Clinicopathological analysis of 46 cases of primary mediastinal germ cell tumors

GAO Yu-ping1, LIU Qiang2, CHEN Yi-ming2   

  1. 1.Shanghai Key Laboratory for Assisted Reproduction and Reproductive GeneticsCenter for Reproductive Medicine, 2.Department of Pathology, Renji Hospital, Shanghai Jiao Tong University School of Medicine, Shanghai 200127, China
  • Online:2015-05-28 Published:2015-06-04
  • Supported by:

    Foundation of Science and Technology Commission of Shanghai Municipality,134119a9502,12DZ2260600

Abstract:

Objective To investigate the clinicopathological features of primary mediastinal germ cell tumors (PMGCTs). Methods A total of 46 patients with PMGCTs were selected and their clinicopathological features were retrospectively analyzed. Results Among 46 patients with PMGCTs, 24 of them were male and 22 of them were females and the median age was 29.1. All 22 female patients were diagnosed with mature teratoma. All patients with malignant GCTs were male. Main clinical manifestations were chest pain, cough, dyspnea, and fever. Among 46 patients, there were 34 patients with mature teratoma (73.9%), 4 patients with seminoma (8.7%), 3 patients with york sac tumor (6.5%), 2 patients with immature teratoma (4.3%), 2 patients with mixed GCTs (4.3%), and 1 patient with malignant teratoma (2.2%).
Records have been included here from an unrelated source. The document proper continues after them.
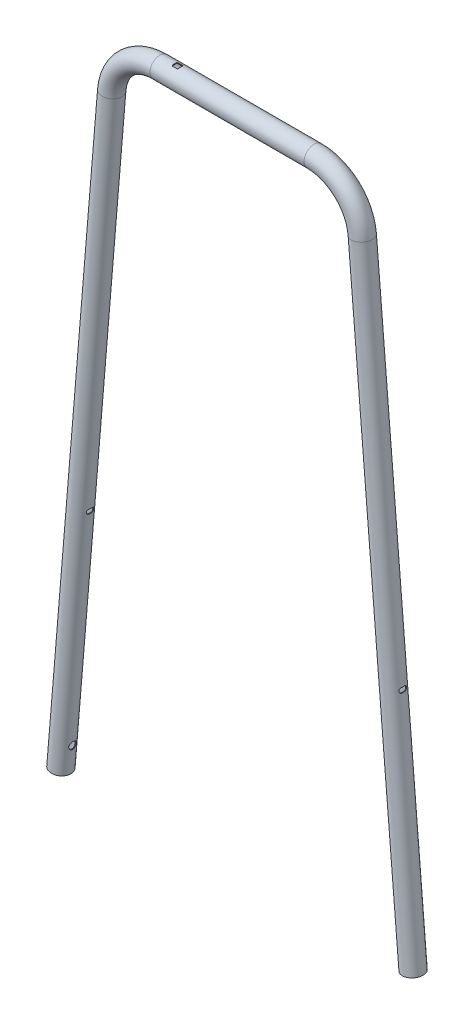
SolidWorks part; units mm, degrees
ref_plane "Front Plane" through (0, 0, 0) normal (0, 0, 1) x (1, 0, 0)
ref_plane "Top Plane" through (0, 0, 0) normal (0, 1, 0) x (1, 0, 0)
ref_plane "Right Plane" through (0, 0, 0) normal (1, 0, 0) x (0, 0, -1)
sketch "Sketch1" plane through (0, 0, 0) normal (0, 0, 1) x (1, 0, 0)
  line L0 (0, 0) -> (0, 595.2821) construction
  line L1 (0, 0) -> (414.971, 0) construction
  line L2 (-84.477, 556.716) -> (84.477, 556.716)
  line L3 (137.295, 508.1048) -> (193, -162.284)
  line L4 (-137.295, 508.1048) -> (-193, -162.284)
  line L5 (-193, -162.284) -> (-297.8448, -162.284) construction
  arc A0 (137.295, 508.1048) -> (84.477, 556.716) centre (84.477, 503.716) ccw
  arc A1 (-137.295, 508.1048) -> (-84.477, 556.716) centre (-84.477, 503.716) cw
  point P12 (133.2557, 556.716)
  point P17 (0, 556.716)
  dimension "D4" = 53
  dimension "D1" = 386
  dimension "D2" = 9.5
  dimension "D3" = 719
ref_plane "Plane1" through (-193, -162.284, 0) normal (-0.0828, -0.9966, 0) x (-0.9966, 0.0828, 0)
sketch "Sketch2" plane through (-193, -162.284, 0) normal (-0.0828, -0.9966, 0) x (-0.9966, 0.0828, 0)
  circle A0 centre (0, 0) radius 11
  circle A1 centre (0, 0) radius 10.2
  dimension "D1" = 0.8
sweep "Sweep2" add profiles "Sketch2" path "Sketch1"
sketch "Sketch6" plane through (-14.7157, -177.0983, 0) normal (-0.0828, -0.9966, 0) x (0.9966, -0.0828, 0)
  line L0 (-178.8987, 0) -> (-189.0987, 0)
  line L1 (-178.8987, 0) -> (-178.8987, 10.2)
  circle A0 centre (-178.8987, 0) radius 10.2 construction
  circle A1 centre (-178.8987, 0) radius 10.2 construction
ref_plane "Plane3" through (-193, -162.284, 0) normal (-0.9966, 0.0828, 0) x (0, 0, 1)
ref_plane "Plane4" through (0, 567.716, 0) normal (0, 1, 0) x (1, 0, 0)
sketch "Sketch17" plane through (-193, -162.284, 0) normal (-0.9966, 0.0828, 0) x (0, 0, 1)
  line L0 (0, 0) -> (0, 28.3) construction
  line L1 (-11, 0) -> (11, 0) construction
  line L2 (0, 28.3) -> (0, 133.9257) construction
  circle A0 centre (0, 28.3) radius 4
  dimension "D3" = 8
  dimension "D1" = 28.3
  dimension "D2" = 133.9257
extrude "Cut-Extrude6" cut sketch "Sketch17" against normal blind 50
sketch "Sketch18" plane through (-193, -162.284, 0) normal (-0.9966, 0.0828, 0) x (0, 0, 1)
  line L0 (0, 0) -> (0, 261.3035) construction
  line L1 (-10.2, 0) -> (10.2, 0) construction
  line L3 (-2, 263.8035) -> (2, 263.8035)
  line L4 (-4, 261.8035) -> (-4, 260.8035)
  line L5 (-2, 258.8035) -> (2, 258.8035)
  line L6 (4, 261.8035) -> (4, 260.8035)
  line L7 (-4, 263.8035) -> (4, 258.8035) construction
  line L8 (-4, 258.8035) -> (4, 263.8035) construction
  arc A0 (-2, 258.8035) -> (-4, 260.8035) centre (-2, 260.8035) cw
  arc A1 (4, 260.8035) -> (2, 258.8035) centre (2, 260.8035) cw
  arc A2 (2, 263.8035) -> (4, 261.8035) centre (2, 261.8035) cw
  arc A3 (-2, 263.8035) -> (-4, 261.8035) centre (-2, 261.8035) ccw
  dimension "D3" = 2
  dimension "D1" = 5
  dimension "D2" = 8
extrude "Cut-Extrude7" cut sketch "Sketch18" against normal blind 50 and the other way blind 50
mirror "Mirror2" about plane through (0, 0, 0) normal (1, 0, 0) of "Cut-Extrude6", "Cut-Extrude7"
sketch "Sketch19" plane through (-193, -162.284, 0) normal (-0.9966, 0.0828, 0) x (0, 0, 1)
  line L0 (0, 0) -> (0, 498) construction
  line L1 (-10.2, 0) -> (10.2, 0) construction
  circle A0 centre (0, 498) radius 4
  dimension "D1" = 498
extrude "Cut-Extrude8" cut sketch "Sketch19" along normal blind 50
sketch "Sketch20" plane through (0, 567.716, 0) normal (0, 1, 0) x (1, 0, 0)
  line L0 (-203.9622, 0) -> (-65.0622, 0) construction
  circle A0 centre (-65.0622, 0) radius 3.1
  ellipse E0 centre (-193, 0) end of major axis (-193, 11) minor radius 10.9622 construction
  dimension "D2" = 6.2
  dimension "D1" = 138.9
extrude "Cut-Extrude9" cut sketch "Sketch20" against normal blind 50
sketch "Sketch21" plane through (0, 567.716, 0) normal (0, 1, 0) x (1, 0, 0)
  line L0 (-203.9622, 0) -> (-65.0622, 0) construction
  line L2 (-67.3122, -3.1) -> (-62.8122, -3.1)
  line L3 (-68.3122, -2.1) -> (-68.3122, 2.1)
  line L4 (-67.3122, 3.1) -> (-62.8122, 3.1)
  line L5 (-61.8122, -2.1) -> (-61.8122, 2.1)
  line L6 (-68.3122, -3.1) -> (-61.8122, 3.1) construction
  line L7 (-68.3122, 3.1) -> (-61.8122, -3.1) construction
  arc A0 (-67.3122, 3.1) -> (-68.3122, 2.1) centre (-67.3122, 2.1) ccw
  arc A1 (-68.3122, -2.1) -> (-67.3122, -3.1) centre (-67.3122, -2.1) ccw
  arc A2 (-62.8122, 3.1) -> (-61.8122, 2.1) centre (-62.8122, 2.1) cw
  arc A3 (-61.8122, -2.1) -> (-62.8122, -3.1) centre (-62.8122, -2.1) cw
  ellipse E0 centre (-193, 0) end of major axis (-193, 11) minor radius 10.9622 construction
  dimension "D3" = 1
  dimension "D4" = 1
  dimension "D1" = 6.5
  dimension "D2" = 6.2
extrude "Cut-Extrude10" cut sketch "Sketch21" against normal blind 10

Immunohistochemical markers PLAP, OCT3/4, CD117, CK, CD30 and LCA were helpful for accurate diagnosis and differential diagnosis of PMGCTs. Follow-ups showed that the 5-year overall survival rates of patients with mature teratoma and seminoma were 100% and 75%, respectively. The prognosis of malignant teratoma, york sac tumor, and mixed GCTs was poor. Conclusion The gender of patients with PMGCTs is closely correlated with histological types of PMGCTs. Mature teratoma is the most common type. Seminoma and york sac tumor are common types of malignant GCTs. Compared with malignant GCTs other than seminoma, the prognosis of seminoma is much better, which may be relevant to being sensitive to radiotherapy and chemiotherapy.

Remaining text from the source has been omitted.